We have a week off next week, but then we'll be starting _Shelter from the Storm_, which is the most complex adventure so far.  Luckily I have two weeks to prepare!

I'm enjoying running this series immensely (partly, probably, because I'm publishing it, so there's some inbuilt enthusiasm there!)  I didn't really enjoy running the WotC H1-H2-H3 series of modules, and we stopped halfway through _Pyramid of Shadows_.  I think it's definitely clear that DM enthusiam for an adventure very much affects the way it comes across to the players!

We have 4-5 players (depending on who's there that night), plus of course the ever-expanding retinue of NPCs (Torrent, Crystin, Haddin, Tiljann). I'm finding them very useful as a way of dialling the difficulty of an encounter up and down - rather than adjusting the encounters, we just have the NPC involvement in the encounter increase or decrease as needed.  The players run the NPCs in combat, with some guidelines form the DM - such as "Haddin will only act if attacked" or what-have-you - whch can be adjusted depending on the encounter.  So, if we're a couple of players down and the encounter is tough, I might say "Haddin will actively fight, but only use at-wills" and so on.

Definitely looking forward to the next session!


----------



## RangerWickett (Sep 11, 2009)

So, c'mon, spoiler alert. What sorts of war crimes has your group committed so far? Or do we have to wait for the storyhour?


----------



## Morrus (Sep 11, 2009)

They did consider letting the forest die.  I think they were most impressed with the fact that they _could_ do that - that they could make those major moral descisions, have an effect, and the campaign still continue.


----------



## Eccles (Sep 27, 2009)

I resent the suggestion that we're a bunch of war criminals. The worst we did was allow some ages-past-her-prime obsessive-depressive tree-hugger to get stabbed in the chest by some equally-depressed cthonic winged dude because we were all too stupid to think that he might do something right in the middle of his own village.

I deny any suggestion that the resulting deaths were our responsability. I point the finger of blame fairly and squarely at the cthonic entity.


----------



## sfedi (Oct 2, 2009)

Couple of questions:

How did you handle NPC involvement? Do your players get upset if the NPCs do not get involved?

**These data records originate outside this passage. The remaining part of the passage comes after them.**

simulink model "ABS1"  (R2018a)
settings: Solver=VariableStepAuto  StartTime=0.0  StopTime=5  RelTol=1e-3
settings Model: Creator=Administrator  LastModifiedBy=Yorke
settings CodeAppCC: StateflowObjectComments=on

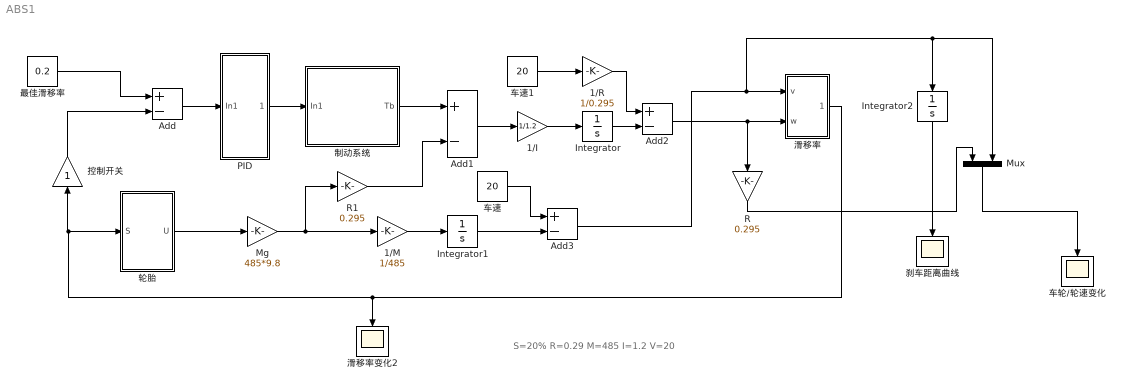
== system ABS1 ==
  note: S=20%
      | R=0.29
      | M=485
      | I=1.2
      | V=20
  1/I : Gain  Gain=1/1.2
  1/M : Gain  Gain=1/485
  1/R : Gain  Gain=1/0.295
  Add{,1..3} (4 alike) : Sum  Inputs=+-
  Integrator : Integrator  LimitOutput=on  UpperSaturationLimit=1000  LowerSaturationLimit=-1000
  Integrator1 : Integrator  LimitOutput=on  UpperSaturationLimit=1000  LowerSaturationLimit=-1000
  Integrator2 : Integrator
  Mg : Gain  Gain=485*9.8
  Mux : Mux  Inputs=2
  PID : Subsystem
  "R " : Gain  Gain=0.295
  R1 : Gain  Gain=0.295
  制动系统 : Subsystem
  刹车距离曲线 : Scope
  控制开关 : Gain
  "最佳滑移率 " : Constant  Value=0.2
  滑移率 : Subsystem
  滑移率变化2 : Scope
  "车轮/轮速变化 " : Scope
  车速 : Constant  Value=20
  车速1 : Constant  Value=20
  轮胎 : Subsystem
  wires:
  "最佳滑移率 "/1 -> Add/1
  Add/1 -> PID/1(In1)
  PID/1(Out1) -> 制动系统/1(In1)
  制动系统/1("Tb ") -> Add1/1
  Add1/1 -> 1/I/1
  车速1/1 -> 1/R/1
  1/I/1 -> Integrator/1
  Integrator/1 -> Add2/2
  1/R/1 -> Add2/1
  Add2/1 -> "R "/1, 滑移率/2(w)
  轮胎/1("U ") -> Mg/1
  Mg/1 -> R1/1, 1/M/1
  R1/1 -> Add1/2
  1/M/1 -> Integrator1/1
  Integrator1/1 -> Add3/2
  车速/1 -> Add3/1
  Add3/1 -> Integrator2/1, Mux/2, 滑移率/1(v)
  Integrator2/1 -> 刹车距离曲线/1
  Mux/1 -> "车轮/轮速变化 "/1
  "R "/1 -> Mux/1
  滑移率/1(Out2) -> 滑移率变化2/1, 轮胎/1(S), 控制开关/1
  控制开关/1 -> Add/2

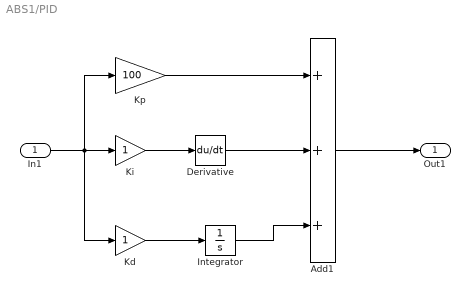
== system ABS1/PID ==
  In1 : Inport
  Add1 : Sum  Inputs=+++
  Derivative : Derivative
  Integrator : Integrator
  Kd : Gain
  Ki : Gain
  "Kp " : Gain  Gain=100
  Out1 : Outport
  wires:
  Integrator/1 -> Add1/3
  Kd/1 -> Integrator/1
  In1/1 -> "Kp "/1, Kd/1, Ki/1
  Derivative/1 -> Add1/2
  "Kp "/1 -> Add1/1
  Add1/1 -> Out1/1
  Ki/1 -> Derivative/1

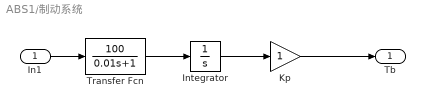
== system ABS1/制动系统 ==
  In1 : Inport
  Integrator : Integrator
  Kp : Gain
  Transfer Fcn : TransferFcn  Numerator=[100]  Denominator=[0.01 1]
  "Tb " : Outport
  wires:
  Transfer Fcn/1 -> Integrator/1
  Kp/1 -> "Tb "/1
  Integrator/1 -> Kp/1
  In1/1 -> Transfer Fcn/1

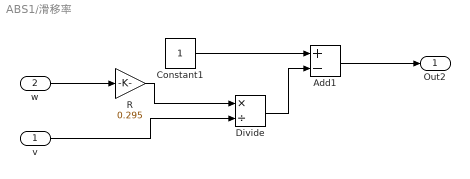
== system ABS1/滑移率 ==
  v : Inport
  w : Inport  Port=2
  Add1 : Sum  Inputs=+-
  Constant1 : Constant
  Divide : Product  Inputs=*/
  R : Gain  Gain=0.295
  Out2 : Outport
  wires:
  w/1 -> R/1
  Add1/1 -> Out2/1
  v/1 -> Divide/2
  Divide/1 -> Add1/2
  R/1 -> Divide/1
  Constant1/1 -> Add1/1

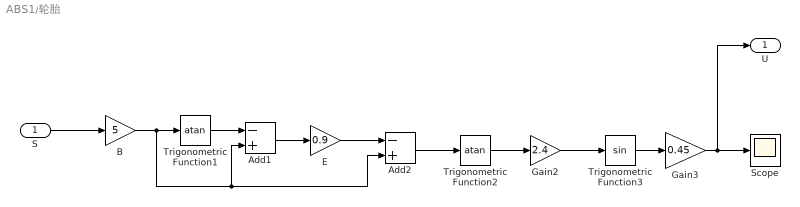
== system ABS1/轮胎 ==
  S : Inport
  Add1 : Sum  Inputs=-+
  Add2 : Sum  Inputs=-+
  B : Gain  Gain=5
  E : Gain  Gain=0.9
  Gain2 : Gain  Gain=2.4
  Gain3 : Gain  Gain=0.45
  Scope : Scope
  Trigonometric Function1 : Trigonometry  Operator=atan
  Trigonometric Function2 : Trigonometry  Operator=atan
  Trigonometric Function3 : Trigonometry
  "U " : Outport
  wires:
  Add2/1 -> Trigonometric Function2/1
  Trigonometric Function2/1 -> Gain2/1
  Trigonometric Function1/1 -> Add1/1
  Add1/1 -> E/1
  B/1 -> Add1/2, Add2/2, Trigonometric Function1/1
  S/1 -> B/1
  E/1 -> Add2/1
  Gain3/1 -> "U "/1, Scope/1
  Gain2/1 -> Trigonometric Function3/1
  Trigonometric Function3/1 -> Gain3/1
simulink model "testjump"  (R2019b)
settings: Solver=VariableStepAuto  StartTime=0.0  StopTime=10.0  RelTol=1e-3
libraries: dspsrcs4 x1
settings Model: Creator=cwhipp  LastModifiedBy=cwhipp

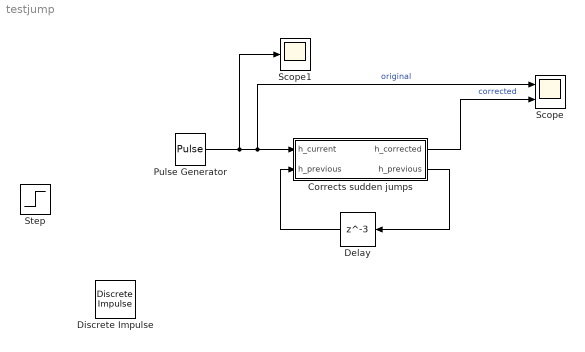
== system testjump ==
  Corrects sudden jumps : MATLAB Function  TreatAsAtomicUnit=on
  Delay : Delay  DelayLength=3  InitialCondition=zeros(1,3)  SampleTime=0.005
  Discrete Impulse : dspsrcs4/Discrete  Impulse  Delay=10  SampleTime=1  FrameSample=1  OutputFrames=off  dataType=double  isSigned=on  wordLen=16  udDataType=sfix(16)  fracBitsMode=Best precision  numFracBits=15  OutDataTypeStr=double  LastOutDataTypeStr=double
  Pulse Generator : DiscretePulseGenerator  PulseType=Time based  Amplitude=3  PulseWidth=0.01
  Scope : Scope  NumInputPorts=2
  Scope1 : Scope
  Step : Step  After=10  SampleTime=0.005
  wires:
  Delay/1 -> Corrects sudden jumps/2("h_previous ")
  Corrects sudden jumps/2(h_previous) -> Delay/1
  Pulse Generator/1 -> Scope1/1, Scope/1, Corrects sudden jumps/1(h_current)  "original"
  Corrects sudden jumps/1(h_corrected) -> Scope/2  "corrected"

== matlab function testjump/Corrects sudden jumps ==
  data: h_current input; h_corrected output; h_previous input; h_previous output
function [h_corrected, h_previous] = fcn(h_current, h_previous)

diffthreshold = 1;

previous_average = mean(h_previous);

h_change = abs(h_current-previous_average);

if(h_change > diffthreshold)
    h_corrected = h_previous(1);
else
    h_corrected = h_current;
end

h_previous = [h_current; h_previous(1:end-1)];

I was also planning on have the NPCs intervene in encounters according to how well they are related to the party.
Do you see this as something feasible.

Currently most of my tables are somewhat resentful of Torrent when she isn't involved in combat, even when I tell them that I would have to adjust the encounter if she did.

On another note, it seems that you have an actual play of this, could you post a link?

Congrats on finishing the second module


----------



## Morrus (Oct 2, 2009)

sfedi said:


> Couple of questions:
> 
> How did you handle NPC involvement? Do your players get upset if the NPCs do not get involved?




No, not at all.  Why would they?  I don't let the NPCs _run_ the show.



> I was also planning on have the NPCs intervene in encounters according to how well they are related to the party.
> Do you see this as something feasible.




I'm not sure I understand.  How well they are related to the party?  You mean how much they like the party?  Or something else?



> Currently most of my tables are somewhat resentful of Torrent when she isn't involved in combat, even when I tell them that I would have to adjust the encounter if she did.




That seems like an unfortunate player issue.  I'd have a word with the players to resolve the issue.  If you can't resolve it with them, drop Torrent and adjust the encounters.  The most important thing is that everyone's having fun, after all.



> On another note, it seems that you have an actual play of this, could you post a link?




A play of it?  You mean a story hour?


----------



## sfedi (Oct 3, 2009)

Morrus said:


> No, not at all.  Why would they?  I don't let the NPCs _run_ the show.



Me neither, but I had some players complaining that the NPC involvement was below the one that it appeared to be.
For example, Torrent wants to take the case to Lyceum, but she is mostly quiet when talking to Erdran.



Morrus said:


> I'm not sure I understand.  How well they are related to the party?  You mean how much they like the party?  Or something else?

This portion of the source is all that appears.